Kenda Zellner-Smith felt numb. With everything that had been going down in her south Minneapolis neighborhood following George Floyd’s killing while in the custody of Minneapolis police, she needed time to be able to express herself and heal. Instead, she had to go to work.
“I felt so down that morning and not ready to be in my day and in that predominantly white space,” said Zellner-Smith, 23, who works at a nursing home.
On the drive to work, something caught her eye. It was graffiti on a boarded-up business that expressed, with an expletive, the anger she felt toward the police. “Another board said A.C.A.B. [All Cops Are Bastards]. We were heard this time,” she said.
That same day, she learned that the plywood boards covering businesses’ windows were starting to be removed. She ducked into her office and quickly launched @savetheboards_mpls, an Instagram account focused on preserving the art and messages that had been left. With the help of friends and her dad’s truck, she’s since collected 30 to 35 boards.
University Rebuild, a grassroots group of unemployed theater artists and volunteers who handed out 2,000 plywood boards to secure businesses damaged after Floyd’s death, have offered to help her preservation efforts.
Zellner-Smith and others sharing the preservation mission are committed to keeping the boards in the communities where they were made, and keeping them out of museums. The Walker, Mia, Weisman Art Museum, Minnesota Historical Society and Minnesota Museum of American Art confirmed to the Star Tribune that they are not collecting the murals.
Ranging from fast graffiti to highly detailed murals with Floyd’s signature portrait, the boards have become de facto canvases for people expressing pain and grief, and protest art that crystallizes this historical moment.
In a recent Zoom discussion with 10 Black arts leaders in the Twin Cities organized by Robyne Robinson, board chair at the Minnesota Museum of American Art in St. Paul and a public art consultant, artist Alex Smith took issue with the urge to “Minnesota-ify the movement.” He urged people not to focus on just the prettier boards, but to also pay attention to the ones with raw, reactive messages scrawled over them.
“It’s like going out the next day and sweeping up all the broken glass,” he said. “Like, maybe we need to see some of that broken glass so we can remember what happened the night before.”
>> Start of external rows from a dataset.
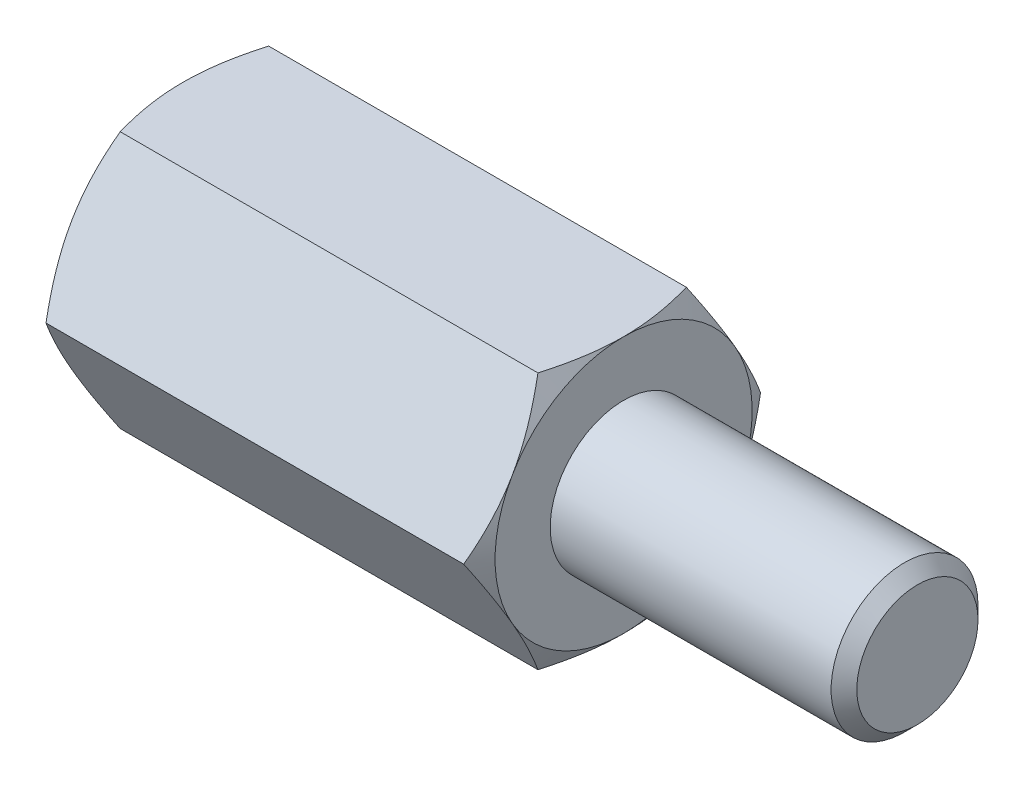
ISO-10303-21;
HEADER;
FILE_DESCRIPTION(('STEP AP214'),'2;1');
FILE_NAME('part.step','',(''),(''),'','','');
FILE_SCHEMA(('AUTOMOTIVE_DESIGN { 1 0 10303 214 1 1 1 1 }'));
ENDSEC;
DATA;
#1=APPLICATION_CONTEXT('core data for automotive mechanical design processes');
#2=APPLICATION_PROTOCOL_DEFINITION('international standard','automotive_design',2000,#1);
#3=PRODUCT_CONTEXT('',#1,'mechanical');
#4=PRODUCT('Part','Part','',(#3));
#5=PRODUCT_RELATED_PRODUCT_CATEGORY('part','',(#4));
#6=PRODUCT_DEFINITION_FORMATION('','',#4);
#7=PRODUCT_DEFINITION_CONTEXT('part definition',#1,'design');
#8=PRODUCT_DEFINITION('design','',#6,#7);
#9=PRODUCT_DEFINITION_SHAPE('','',#8);
#10=(LENGTH_UNIT() NAMED_UNIT(*) SI_UNIT(.MILLI.,.METRE.));
#11=(NAMED_UNIT(*) PLANE_ANGLE_UNIT() SI_UNIT($,.RADIAN.));
#12=(NAMED_UNIT(*) SI_UNIT($,.STERADIAN.) SOLID_ANGLE_UNIT());
#13=UNCERTAINTY_MEASURE_WITH_UNIT(LENGTH_MEASURE(1.E-05),#10,'distance_accuracy_value','');
#14=(GEOMETRIC_REPRESENTATION_CONTEXT(3) GLOBAL_UNCERTAINTY_ASSIGNED_CONTEXT((#13)) GLOBAL_UNIT_ASSIGNED_CONTEXT((#10,
#11,#12)) REPRESENTATION_CONTEXT('',''));
#15=CARTESIAN_POINT('',(0.,0.,0.));
#16=DIRECTION('',(0.,0.,1.));
#17=DIRECTION('',(1.,0.,0.));
#18=AXIS2_PLACEMENT_3D('',#15,#16,#17);
#19=CARTESIAN_POINT('',(6.,3.5,-2.02072594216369));
#20=DIRECTION('',(1.,0.,0.));
#21=DIRECTION('',(0.,0.,-1.));
#22=AXIS2_PLACEMENT_3D('',#19,#20,#21);
#23=PLANE('',#22);
#24=CARTESIAN_POINT('',(6.,0.,0.));
#25=DIRECTION('',(1.,0.,0.));
#26=DIRECTION('',(0.,0.,-1.));
#27=AXIS2_PLACEMENT_3D('',#24,#25,#26);
#28=CIRCLE('',#27,3.5);
#29=CARTESIAN_POINT('',(6.,-1.75,-3.03108891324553));
#30=VERTEX_POINT('',#29);
#31=CARTESIAN_POINT('',(6.,1.75,-3.03108891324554));
#32=VERTEX_POINT('',#31);
#33=EDGE_CURVE('E288',#30,#32,#28,.T.);
#34=ORIENTED_EDGE('',*,*,#33,.T.);
#35=CARTESIAN_POINT('',(6.,3.5,0.));
#36=VERTEX_POINT('',#35);
#37=EDGE_CURVE('E53',#32,#36,#28,.T.);
#38=ORIENTED_EDGE('',*,*,#37,.T.);
#39=CARTESIAN_POINT('',(6.,1.75,3.03108891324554));
#40=VERTEX_POINT('',#39);
#41=EDGE_CURVE('E297',#36,#40,#28,.T.);
#42=ORIENTED_EDGE('',*,*,#41,.T.);
#43=CARTESIAN_POINT('',(6.,-1.75,3.03108891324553));
#44=VERTEX_POINT('',#43);
#45=EDGE_CURVE('E301',#40,#44,#28,.T.);
#46=ORIENTED_EDGE('',*,*,#45,.T.);
#47=CARTESIAN_POINT('',(6.,0.,0.));
#48=DIRECTION('',(-1.,0.,0.));
#49=DIRECTION('',(0.,-1.,0.));
#50=AXIS2_PLACEMENT_3D('',#47,#48,#49);
#51=CIRCLE('',#50,3.5);
#52=CARTESIAN_POINT('',(6.,-3.5,0.));
#53=VERTEX_POINT('',#52);
#54=EDGE_CURVE('E193',#53,#44,#51,.T.);
#55=ORIENTED_EDGE('',*,*,#54,.F.);
#56=EDGE_CURVE('E61',#53,#30,#28,.T.);
#57=ORIENTED_EDGE('',*,*,#56,.T.);
#58=EDGE_LOOP('',(#34,#38,#42,#46,#55,#57));
#59=FACE_BOUND('',#58,.T.);
#60=CARTESIAN_POINT('',(6.,0.,0.));
#61=DIRECTION('',(1.,0.,0.));
#62=DIRECTION('',(0.,0.,-1.));
#63=AXIS2_PLACEMENT_3D('',#60,#61,#62);
#64=CIRCLE('',#63,2.);
#65=CARTESIAN_POINT('',(6.,0.,-2.));
#66=VERTEX_POINT('',#65);
#67=EDGE_CURVE('E311',#66,#66,#64,.T.);
#68=ORIENTED_EDGE('',*,*,#67,.F.);
#69=EDGE_LOOP('',(#68));
#70=FACE_BOUND('',#69,.T.);
#71=ADVANCED_FACE('F37',(#59,#70),#23,.T.);
#72=CARTESIAN_POINT('',(6.,0.,-4.04145188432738));
#73=DIRECTION('',(0.,-0.5,0.866025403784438));
#74=DIRECTION('',(0.,-0.866025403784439,-0.5));
#75=AXIS2_PLACEMENT_3D('',#72,#73,#74);
#76=PLANE('',#75);
#77=CARTESIAN_POINT('',(5.68732593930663,-0.000200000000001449,-4.04156735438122));
#78=CARTESIAN_POINT('',(5.73861421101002,0.153607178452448,-3.9527667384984));
#79=CARTESIAN_POINT('',(5.78525904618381,0.308742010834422,-3.86319960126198));
#80=CARTESIAN_POINT('',(5.86667812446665,0.621698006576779,-3.68251437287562));
#81=CARTESIAN_POINT('',(5.90142356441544,0.779524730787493,-3.59139307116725));
#82=CARTESIAN_POINT('',(5.95550997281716,1.09322221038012,-3.41027974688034));
#83=CARTESIAN_POINT('',(5.97521091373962,1.24904469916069,-3.32031559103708));
#84=CARTESIAN_POINT('',(5.99872986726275,1.56142288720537,-3.13996396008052));
#85=CARTESIAN_POINT('',(6.00256735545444,1.71797745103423,-3.04957714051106));
#86=CARTESIAN_POINT('',(5.99458469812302,2.01050921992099,-2.88068384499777));
#87=CARTESIAN_POINT('',(5.98472456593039,2.1465302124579,-2.80215208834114));
#88=CARTESIAN_POINT('',(5.9534735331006,2.41768602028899,-2.64560020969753));
#89=CARTESIAN_POINT('',(5.9320719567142,2.55281989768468,-2.5675806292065));
#90=CARTESIAN_POINT('',(5.87856959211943,2.82453479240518,-2.41070596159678));
#91=CARTESIAN_POINT('',(5.84624200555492,2.96108141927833,-2.33187072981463));
#92=CARTESIAN_POINT('',(5.77287106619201,3.2321380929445,-2.17537608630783));
#93=CARTESIAN_POINT('',(5.73184495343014,3.36665161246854,-2.09771466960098));
#94=CARTESIAN_POINT('',(5.68732593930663,3.5002,-2.02061047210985));
#95=B_SPLINE_CURVE_WITH_KNOTS('',3,(#77,#78,#79,#80,#81,#82,#83,#84,#85,#86,#87,#88,#89,#90,#91,
#92,#93,#94),.UNSPECIFIED.,.F.,.F.,(4,2,2,2,2,2,2,2,4),(0.,0.554793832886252,1.11092123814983,
1.65328467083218,2.19498204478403,2.6666513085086,3.13875761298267,3.6213361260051,
4.10296698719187),.UNSPECIFIED.);
#96=CARTESIAN_POINT('',(5.68739260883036,0.,-4.04145188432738));
#97=VERTEX_POINT('',#96);
#98=EDGE_CURVE('E315',#97,#32,#95,.T.);
#99=ORIENTED_EDGE('',*,*,#98,.F.);
#100=DIRECTION('',(-1.,0.,0.));
#101=VECTOR('',#100,1.);
#102=CARTESIAN_POINT('',(6.,0.,-4.04145188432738));
#103=LINE('',#102,#101);
#104=CARTESIAN_POINT('',(-5.68739260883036,0.,-4.04145188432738));
#105=VERTEX_POINT('',#104);
#106=EDGE_CURVE('E264',#97,#105,#103,.T.);
#107=ORIENTED_EDGE('',*,*,#106,.T.);
#108=CARTESIAN_POINT('',(-5.68732593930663,3.5002,-2.02061047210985));
#109=CARTESIAN_POINT('',(-5.73861421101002,3.34639282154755,-2.10941108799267));
#110=CARTESIAN_POINT('',(-5.78525904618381,3.19125798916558,-2.19897822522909));
#111=CARTESIAN_POINT('',(-5.86667812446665,2.87830199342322,-2.37966345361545));
#112=CARTESIAN_POINT('',(-5.90142356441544,2.7204752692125,-2.47078475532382));
#113=CARTESIAN_POINT('',(-5.95550997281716,2.40677778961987,-2.65189807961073));
#114=CARTESIAN_POINT('',(-5.97521091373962,2.25095530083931,-2.74186223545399));
#115=CARTESIAN_POINT('',(-5.99872986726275,1.93857711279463,-2.92221386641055));
#116=CARTESIAN_POINT('',(-6.00256735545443,1.78202254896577,-3.01260068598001));
#117=CARTESIAN_POINT('',(-5.99458469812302,1.48949078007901,-3.1814939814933));
#118=CARTESIAN_POINT('',(-5.98472456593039,1.3534697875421,-3.26002573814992));
#119=CARTESIAN_POINT('',(-5.9534735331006,1.08231397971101,-3.41657761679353));
#120=CARTESIAN_POINT('',(-5.9320719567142,0.947180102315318,-3.49459719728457));
#121=CARTESIAN_POINT('',(-5.87856959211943,0.675465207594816,-3.65147186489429));
#122=CARTESIAN_POINT('',(-5.84624200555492,0.538918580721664,-3.73030709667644));
#123=CARTESIAN_POINT('',(-5.77287106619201,0.267861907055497,-3.88680174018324));
#124=CARTESIAN_POINT('',(-5.73184495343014,0.133348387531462,-3.96446315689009));
#125=CARTESIAN_POINT('',(-5.68732593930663,-0.000200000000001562,-4.04156735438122));
#126=B_SPLINE_CURVE_WITH_KNOTS('',3,(#108,#109,#110,#111,#112,#113,#114,#115,#116,#117,#118,
#119,#120,#121,#122,#123,#124,#125),.UNSPECIFIED.,.F.,.F.,(4,2,2,2,2,2,2,2,4),(0.,
0.554793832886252,1.11092123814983,1.65328467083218,2.19498204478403,2.6666513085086,
3.13875761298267,3.6213361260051,4.10296698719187),.UNSPECIFIED.);
#127=CARTESIAN_POINT('',(-6.,1.75,-3.03108891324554));
#128=VERTEX_POINT('',#127);
#129=EDGE_CURVE('E367',#128,#105,#126,.T.);
#130=ORIENTED_EDGE('',*,*,#129,.F.);
#131=CARTESIAN_POINT('',(-5.68739260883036,3.5,-2.02072594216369));
#132=VERTEX_POINT('',#131);
#133=EDGE_CURVE('E371',#132,#128,#126,.T.);
#134=ORIENTED_EDGE('',*,*,#133,.F.);
#135=DIRECTION('',(-1.,0.,0.));
#136=VECTOR('',#135,1.);
#137=CARTESIAN_POINT('',(6.,3.5,-2.02072594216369));
#138=LINE('',#137,#136);
#139=CARTESIAN_POINT('',(5.68739260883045,3.5,-2.02072594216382));
#140=VERTEX_POINT('',#139);
#141=EDGE_CURVE('E279',#140,#132,#138,.T.);
#142=ORIENTED_EDGE('',*,*,#141,.F.);
#143=EDGE_CURVE('E229',#32,#140,#95,.T.);
#144=ORIENTED_EDGE('',*,*,#143,.F.);
#145=EDGE_LOOP('',(#99,#107,#130,#134,#142,#144));
#146=FACE_BOUND('',#145,.T.);
#147=ADVANCED_FACE('F148',(#146),#76,.F.);
#148=CARTESIAN_POINT('',(6.,3.5,-2.02072594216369));
#149=DIRECTION('',(0.,-1.,0.));
#150=DIRECTION('',(0.,0.,-1.));
#151=AXIS2_PLACEMENT_3D('',#148,#149,#150);
#152=PLANE('',#151);
#153=CARTESIAN_POINT('',(4.24432944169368,3.5,-5.52571367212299));
#154=CARTESIAN_POINT('',(4.3192813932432,3.5,-5.37200190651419));
#155=CARTESIAN_POINT('',(4.39354243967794,3.5,-5.21794762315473));
#156=CARTESIAN_POINT('',(4.54029601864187,3.5,-4.90897223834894));
#157=CARTESIAN_POINT('',(4.61278829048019,3.5,-4.75405101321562));
#158=CARTESIAN_POINT('',(4.75596172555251,3.5,-4.44240758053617));
#159=CARTESIAN_POINT('',(4.82663168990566,3.5,-4.28568021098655));
#160=CARTESIAN_POINT('',(4.96520746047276,3.5,-3.97101270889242));
#161=CARTESIAN_POINT('',(5.03311339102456,3.5,-3.81307263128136));
#162=CARTESIAN_POINT('',(5.16771439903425,3.5,-3.49026114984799));
#163=CARTESIAN_POINT('',(5.23428710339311,3.5,-3.32533845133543));
#164=CARTESIAN_POINT('',(5.36262677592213,3.5,-2.99359992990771));
#165=CARTESIAN_POINT('',(5.42439321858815,3.5,-2.82678390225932));
#166=CARTESIAN_POINT('',(5.54157006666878,3.5,-2.49127529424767));
#167=CARTESIAN_POINT('',(5.59699254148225,3.5,-2.32258697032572));
#168=CARTESIAN_POINT('',(5.69976794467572,3.5,-1.98279215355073));
#169=CARTESIAN_POINT('',(5.74712331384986,3.5,-1.81168640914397));
#170=CARTESIAN_POINT('',(5.83129873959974,3.5,-1.46793354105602));
#171=CARTESIAN_POINT('',(5.86817965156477,3.5,-1.2953015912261));
#172=CARTESIAN_POINT('',(5.92939557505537,3.5,-0.94779164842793));
#173=CARTESIAN_POINT('',(5.95373192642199,3.5,-0.772913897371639));
#174=CARTESIAN_POINT('',(5.9876038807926,3.5,-0.424108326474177));
#175=CARTESIAN_POINT('',(5.99733725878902,3.5,-0.25020019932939));
#176=CARTESIAN_POINT('',(6.00170533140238,3.5,0.0978233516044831));
#177=CARTESIAN_POINT('',(5.99633996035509,3.5,0.271938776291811));
#178=CARTESIAN_POINT('',(5.97501181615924,3.5,0.564711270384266));
#179=CARTESIAN_POINT('',(5.96289198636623,3.5,0.683667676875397));
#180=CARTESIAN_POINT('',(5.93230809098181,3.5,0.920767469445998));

Robinson pointed out the plywood protest art’s connections to AfriCobra, the collective founded in the 1960s that helped define the Black arts movement outside of the mainstream art world.
Supporting the effort
Members of University Rebuild, who are not Black themselves, envision their role as supporting community.
“As stewards to art, it’s our responsibility that it’s used equitably, and that means listening to BIPOC people and Black people in particular about what they want,” said University Rebuild organizer Daisuke Kawachi. The organization is offering to temporarily house boards at their storage facility.
Wolfpack Promotionals, a full-service promotional printing business in north Minneapolis, hasn’t made a decision about what to do with boards covering their windows that have “Big Floyd” painted over them. They were made by artists Jack Reynolds, Kyle Alexander and Tony Cineus, who swung by and asked if they could paint.
“We said sure, figuring it would only be up for a little bit,” said co-owner Katie Brown. “We like so much what they did that we’re having a hard time taking them down.”
The boards are too big to store inside Wolfpack, but they don’t want to take them out of the North Side, and are continuing conversations with community about what to do.
“We’re keeping it up for probably through the middle or end of this month at the minimum,” said Brown.
St. Paul-based Leesa Kelly, who owns the BIPOC-focused community engagement organization We Live, is working with the Minnesota African American Heritage Museum and Gallery on a show of select boards, slated for 2021. (The museum will reopen Aug. 4.)
“It is time for us to focus on telling the story ourselves,” said Kelly. “Too many times has Black history been whitewashed. I didn’t want that to happen this time especially when we have a Black-owned and -operated museum.”
While some are thinking about the immediate future, others are dreaming long-term.
Robinson wonders if the murals could be collected city by city and toured nationally for a period of time, like the AIDS quilt. She thinks that could be accompanied by discussion from arts groups and historians, with a portion given to the Smithsonian and the rest returned to the community.
Kawachi said that community members have suggested a public installation of the murals on Lake Street that references photographer Wing Young Huie’s “Lake Street U.S.A.” project, hanging them in schools or putting them on view in neighborhood community centers.
“A lot of people are still in the grieving process and processing,” said Kelly. “As far as a permanent solution [for the plywood mural art], I think we are about a year off.”